A verbatim printing of the entries that follow is needed; pictures must not appear in it.

[Excerpts from a dataset]
:::::

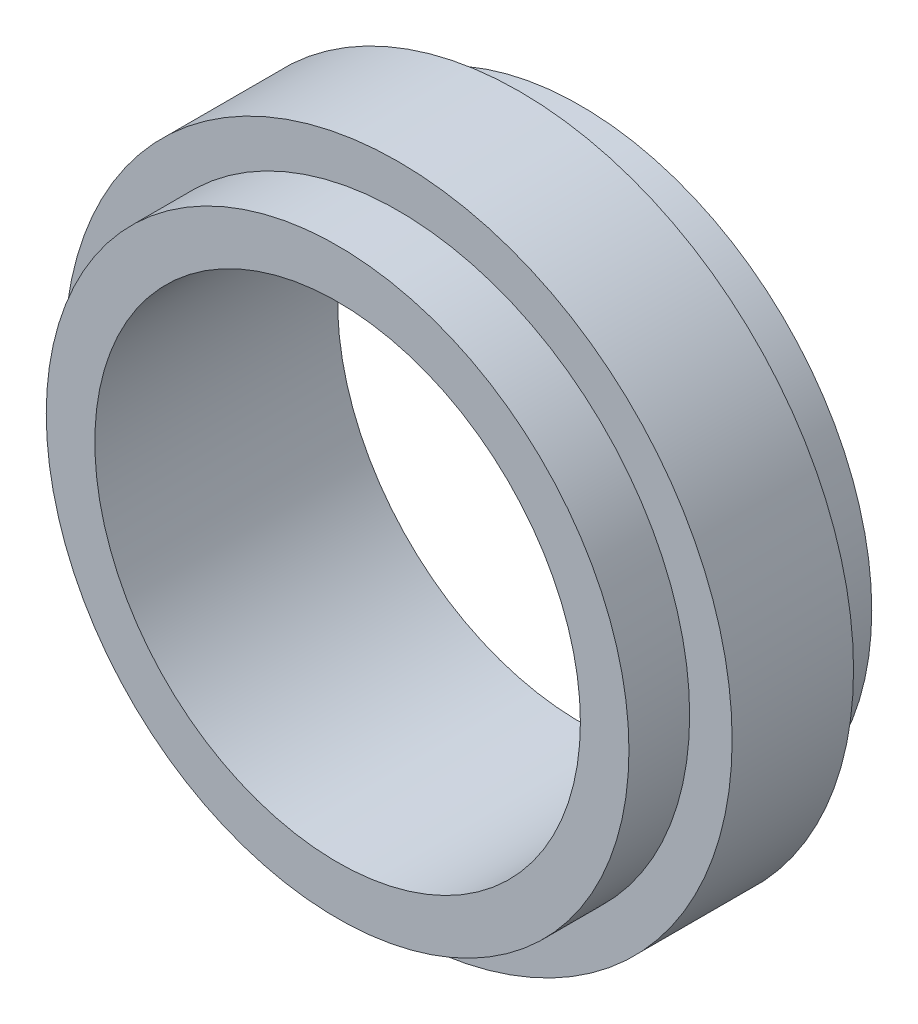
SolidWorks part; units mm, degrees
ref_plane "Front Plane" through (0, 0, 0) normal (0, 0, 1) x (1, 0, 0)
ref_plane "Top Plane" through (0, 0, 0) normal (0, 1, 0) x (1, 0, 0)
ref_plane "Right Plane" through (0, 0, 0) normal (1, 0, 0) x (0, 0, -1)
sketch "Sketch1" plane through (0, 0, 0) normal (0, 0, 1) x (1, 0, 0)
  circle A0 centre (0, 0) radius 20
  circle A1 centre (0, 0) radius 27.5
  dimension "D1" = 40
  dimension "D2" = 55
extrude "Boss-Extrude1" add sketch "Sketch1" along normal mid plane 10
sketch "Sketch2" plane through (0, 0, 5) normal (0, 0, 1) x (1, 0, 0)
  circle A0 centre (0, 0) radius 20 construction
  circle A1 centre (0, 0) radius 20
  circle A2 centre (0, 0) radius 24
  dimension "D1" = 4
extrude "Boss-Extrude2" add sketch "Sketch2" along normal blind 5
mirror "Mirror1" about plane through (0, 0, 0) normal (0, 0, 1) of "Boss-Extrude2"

:::::

# [Response to the task]
SolidWorks part; units mm, degrees
ref_plane "Front Plane" through (0, 0, 0) normal (0, 0, 1) x (1, 0, 0)
ref_plane "Top Plane" through (0, 0, 0) normal (0, 1, 0) x (1, 0, 0)
ref_plane "Right Plane" through (0, 0, 0) normal (1, 0, 0) x (0, 0, -1)
sketch "Sketch1" plane through (0, 0, 0) normal (0, 0, 1) x (1, 0, 0)
  circle A0 centre (0, 0) radius 20
  circle A1 centre (0, 0) radius 27.5
  dimension "D1" = 40
  dimension "D2" = 55
extrude "Boss-Extrude1" add sketch "Sketch1" along normal mid plane 10
sketch "Sketch2" plane through (0, 0, 5) normal (0, 0, 1) x (1, 0, 0)
  circle A0 centre (0, 0) radius 20 construction
  circle A1 centre (0, 0) radius 20
  circle A2 centre (0, 0) radius 24
  dimension "D1" = 4
extrude "Boss-Extrude2" add sketch "Sketch2" along normal blind 5
mirror "Mirror1" about plane through (0, 0, 0) normal (0, 0, 1) of "Boss-Extrude2"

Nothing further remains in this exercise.